* **YOUR OBJECTIVE**
Reproduce the opening lines of the listing below exactly, stopping after the line that contains "doc.units = ezdxf.units.MM" and leaving out any pictures.

◆ ◆ ◆

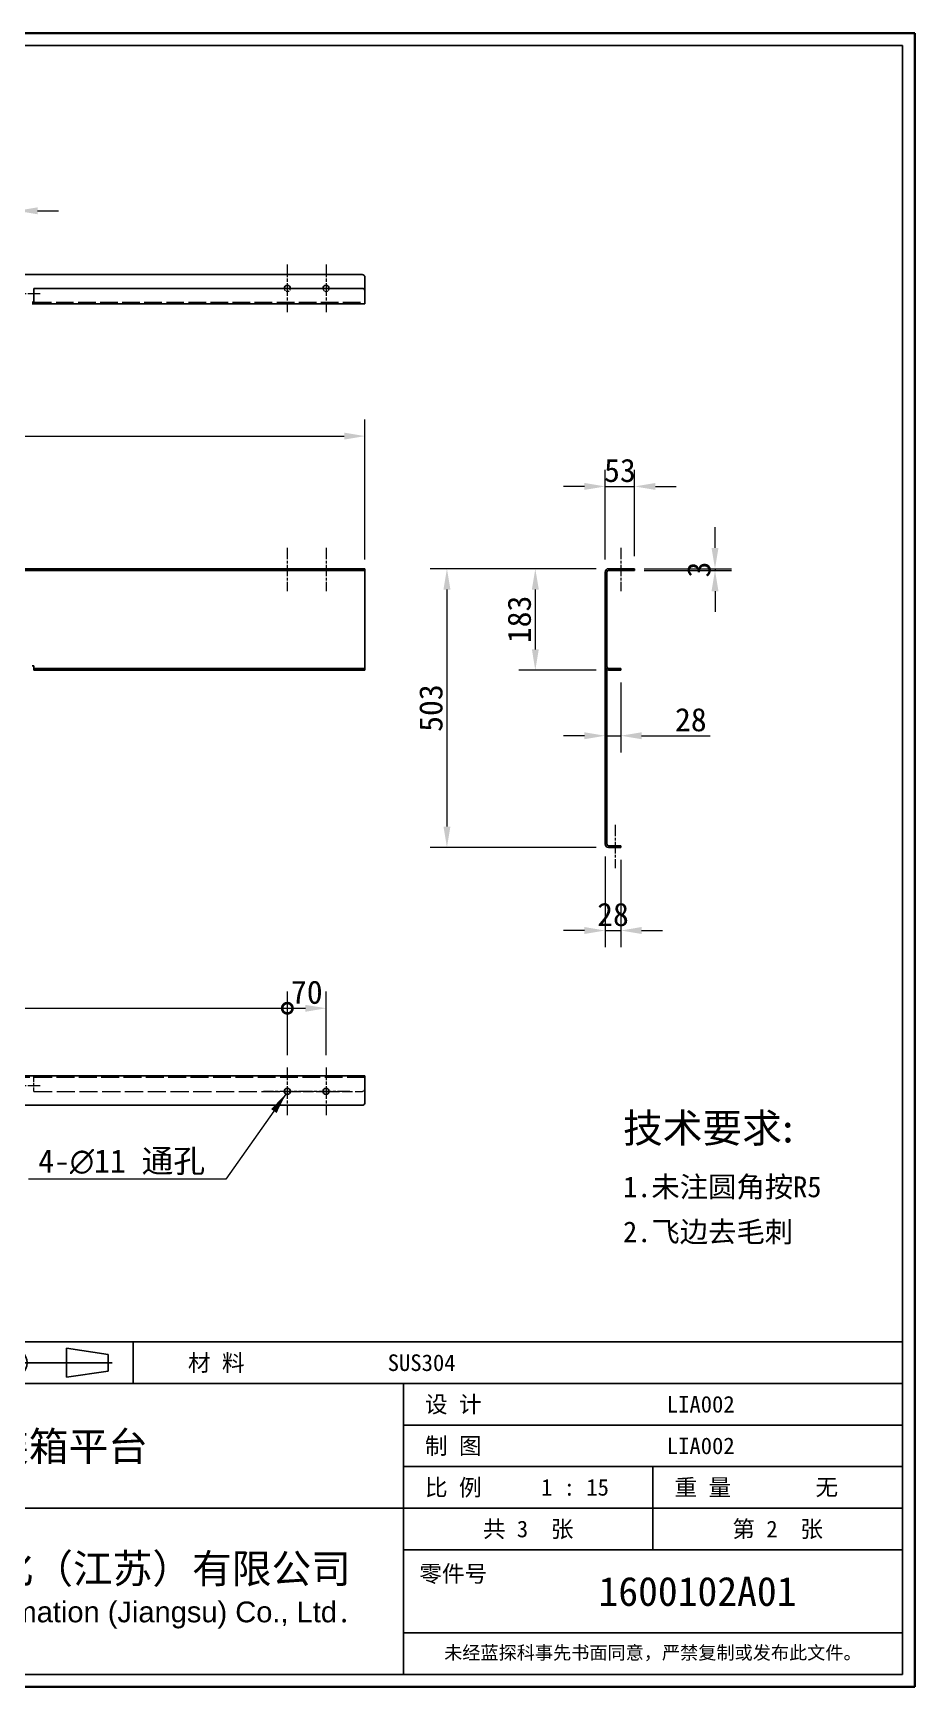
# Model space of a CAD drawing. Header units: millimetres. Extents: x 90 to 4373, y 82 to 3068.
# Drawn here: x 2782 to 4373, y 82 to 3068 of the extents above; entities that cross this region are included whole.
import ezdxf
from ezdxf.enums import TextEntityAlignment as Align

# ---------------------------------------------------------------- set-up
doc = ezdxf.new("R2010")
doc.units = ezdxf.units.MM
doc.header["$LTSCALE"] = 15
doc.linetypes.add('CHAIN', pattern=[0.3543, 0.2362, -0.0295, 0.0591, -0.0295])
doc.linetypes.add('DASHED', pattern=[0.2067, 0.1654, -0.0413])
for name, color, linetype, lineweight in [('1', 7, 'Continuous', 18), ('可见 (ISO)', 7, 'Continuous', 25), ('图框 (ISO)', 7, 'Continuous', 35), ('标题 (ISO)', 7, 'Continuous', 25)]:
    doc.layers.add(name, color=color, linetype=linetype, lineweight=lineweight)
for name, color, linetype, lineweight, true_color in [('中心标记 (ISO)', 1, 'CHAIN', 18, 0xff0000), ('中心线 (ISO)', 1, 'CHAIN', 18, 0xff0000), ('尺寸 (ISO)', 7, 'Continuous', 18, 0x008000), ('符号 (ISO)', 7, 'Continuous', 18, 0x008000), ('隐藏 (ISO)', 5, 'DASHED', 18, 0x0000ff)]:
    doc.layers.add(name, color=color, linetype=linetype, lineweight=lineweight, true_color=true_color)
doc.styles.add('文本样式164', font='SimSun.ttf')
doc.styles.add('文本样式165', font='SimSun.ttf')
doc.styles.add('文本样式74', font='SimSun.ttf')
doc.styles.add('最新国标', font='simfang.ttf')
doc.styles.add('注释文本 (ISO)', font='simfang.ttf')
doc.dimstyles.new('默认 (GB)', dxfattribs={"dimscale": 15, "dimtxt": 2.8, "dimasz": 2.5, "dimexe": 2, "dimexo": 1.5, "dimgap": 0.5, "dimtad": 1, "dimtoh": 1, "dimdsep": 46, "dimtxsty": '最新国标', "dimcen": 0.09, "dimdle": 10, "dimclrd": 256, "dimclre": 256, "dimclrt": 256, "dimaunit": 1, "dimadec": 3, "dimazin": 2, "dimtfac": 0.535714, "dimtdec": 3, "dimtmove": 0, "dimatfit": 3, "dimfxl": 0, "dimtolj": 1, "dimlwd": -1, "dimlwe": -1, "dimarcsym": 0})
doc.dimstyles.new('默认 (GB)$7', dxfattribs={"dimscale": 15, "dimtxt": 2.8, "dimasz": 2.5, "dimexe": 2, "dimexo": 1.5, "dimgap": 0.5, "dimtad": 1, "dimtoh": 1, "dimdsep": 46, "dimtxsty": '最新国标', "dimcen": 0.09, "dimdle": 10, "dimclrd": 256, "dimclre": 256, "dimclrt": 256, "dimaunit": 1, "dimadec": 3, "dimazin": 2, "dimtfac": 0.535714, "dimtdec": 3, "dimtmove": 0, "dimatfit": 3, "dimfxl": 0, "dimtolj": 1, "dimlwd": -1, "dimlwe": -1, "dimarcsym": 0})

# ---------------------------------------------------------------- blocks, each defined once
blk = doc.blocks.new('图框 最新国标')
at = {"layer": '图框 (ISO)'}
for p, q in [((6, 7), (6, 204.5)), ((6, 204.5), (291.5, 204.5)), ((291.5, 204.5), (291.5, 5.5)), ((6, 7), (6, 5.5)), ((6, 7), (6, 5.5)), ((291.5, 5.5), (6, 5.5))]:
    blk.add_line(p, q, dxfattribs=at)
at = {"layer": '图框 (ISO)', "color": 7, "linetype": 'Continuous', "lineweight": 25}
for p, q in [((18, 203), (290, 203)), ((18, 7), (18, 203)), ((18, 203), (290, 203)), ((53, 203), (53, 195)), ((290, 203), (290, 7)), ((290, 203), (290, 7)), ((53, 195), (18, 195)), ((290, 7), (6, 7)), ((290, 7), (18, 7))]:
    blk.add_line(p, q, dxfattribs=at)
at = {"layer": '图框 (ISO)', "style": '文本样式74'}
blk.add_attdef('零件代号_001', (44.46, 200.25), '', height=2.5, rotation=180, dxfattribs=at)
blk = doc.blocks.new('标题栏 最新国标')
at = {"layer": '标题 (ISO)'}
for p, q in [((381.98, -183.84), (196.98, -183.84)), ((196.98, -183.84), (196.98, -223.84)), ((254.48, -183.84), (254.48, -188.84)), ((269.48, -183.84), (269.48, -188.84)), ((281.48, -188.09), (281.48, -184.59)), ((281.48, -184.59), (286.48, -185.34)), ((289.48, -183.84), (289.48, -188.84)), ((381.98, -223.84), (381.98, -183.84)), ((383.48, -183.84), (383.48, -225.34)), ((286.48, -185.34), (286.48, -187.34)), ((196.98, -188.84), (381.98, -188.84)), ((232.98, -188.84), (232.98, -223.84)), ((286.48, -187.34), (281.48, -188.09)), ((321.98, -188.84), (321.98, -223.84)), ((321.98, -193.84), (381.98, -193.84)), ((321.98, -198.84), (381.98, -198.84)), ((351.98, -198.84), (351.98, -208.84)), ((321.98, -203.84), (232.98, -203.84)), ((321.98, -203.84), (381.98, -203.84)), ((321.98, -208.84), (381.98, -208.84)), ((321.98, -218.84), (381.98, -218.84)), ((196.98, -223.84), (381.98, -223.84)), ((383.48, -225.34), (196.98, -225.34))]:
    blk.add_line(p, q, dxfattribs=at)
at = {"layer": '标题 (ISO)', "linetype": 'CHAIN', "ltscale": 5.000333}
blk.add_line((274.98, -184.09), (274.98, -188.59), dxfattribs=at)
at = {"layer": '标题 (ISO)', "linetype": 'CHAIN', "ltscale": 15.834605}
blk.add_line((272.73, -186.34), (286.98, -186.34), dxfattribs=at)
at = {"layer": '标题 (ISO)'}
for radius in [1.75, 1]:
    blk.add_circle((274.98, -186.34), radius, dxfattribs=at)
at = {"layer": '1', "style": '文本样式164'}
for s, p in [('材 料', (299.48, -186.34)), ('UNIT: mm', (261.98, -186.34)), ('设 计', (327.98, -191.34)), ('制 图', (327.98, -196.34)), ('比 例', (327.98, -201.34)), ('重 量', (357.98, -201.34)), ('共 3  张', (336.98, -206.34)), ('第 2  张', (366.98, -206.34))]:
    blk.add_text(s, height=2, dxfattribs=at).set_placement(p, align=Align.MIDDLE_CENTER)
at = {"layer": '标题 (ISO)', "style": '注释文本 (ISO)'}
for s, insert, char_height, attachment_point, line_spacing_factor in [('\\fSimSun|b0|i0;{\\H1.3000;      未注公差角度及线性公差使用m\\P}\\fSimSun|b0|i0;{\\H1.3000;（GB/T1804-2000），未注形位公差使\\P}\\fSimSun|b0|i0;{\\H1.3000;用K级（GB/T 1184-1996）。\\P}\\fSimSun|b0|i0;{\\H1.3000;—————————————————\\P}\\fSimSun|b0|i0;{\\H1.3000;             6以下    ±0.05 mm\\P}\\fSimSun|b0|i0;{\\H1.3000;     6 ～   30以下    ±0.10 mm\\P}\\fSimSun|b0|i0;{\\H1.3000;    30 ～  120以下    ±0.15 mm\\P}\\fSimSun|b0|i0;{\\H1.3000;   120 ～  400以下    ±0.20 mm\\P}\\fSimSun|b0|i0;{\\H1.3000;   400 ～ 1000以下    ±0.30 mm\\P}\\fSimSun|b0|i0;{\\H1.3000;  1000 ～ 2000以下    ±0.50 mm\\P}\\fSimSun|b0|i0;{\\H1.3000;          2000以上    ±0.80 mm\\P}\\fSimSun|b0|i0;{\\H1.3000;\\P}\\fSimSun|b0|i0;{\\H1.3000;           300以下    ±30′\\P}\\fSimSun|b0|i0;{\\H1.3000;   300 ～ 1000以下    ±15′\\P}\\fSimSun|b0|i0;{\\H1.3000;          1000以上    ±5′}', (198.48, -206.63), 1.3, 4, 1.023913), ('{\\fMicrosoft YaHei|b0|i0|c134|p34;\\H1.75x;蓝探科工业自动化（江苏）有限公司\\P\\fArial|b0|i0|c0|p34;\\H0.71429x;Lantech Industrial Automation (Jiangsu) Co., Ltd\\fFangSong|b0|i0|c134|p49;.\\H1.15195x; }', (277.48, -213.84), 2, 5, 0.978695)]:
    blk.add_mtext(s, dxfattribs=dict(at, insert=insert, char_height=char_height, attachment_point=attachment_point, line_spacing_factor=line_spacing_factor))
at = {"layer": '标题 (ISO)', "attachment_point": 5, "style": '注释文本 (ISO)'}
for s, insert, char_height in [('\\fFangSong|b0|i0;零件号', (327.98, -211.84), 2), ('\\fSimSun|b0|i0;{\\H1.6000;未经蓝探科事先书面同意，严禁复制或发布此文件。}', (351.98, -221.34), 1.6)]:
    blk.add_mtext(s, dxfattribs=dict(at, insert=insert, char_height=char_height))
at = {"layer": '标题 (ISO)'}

◆ ◆ ◆

* **REPLY**
# Model space of a CAD drawing. Header units: millimetres. Extents: x 90 to 4373, y 82 to 3068.
# Drawn here: x 2782 to 4373, y 82 to 3068 of the extents above; entities that cross this region are included whole.
import ezdxf
from ezdxf.enums import TextEntityAlignment as Align

# ---------------------------------------------------------------- set-up
doc = ezdxf.new("R2010")
doc.units = ezdxf.units.MM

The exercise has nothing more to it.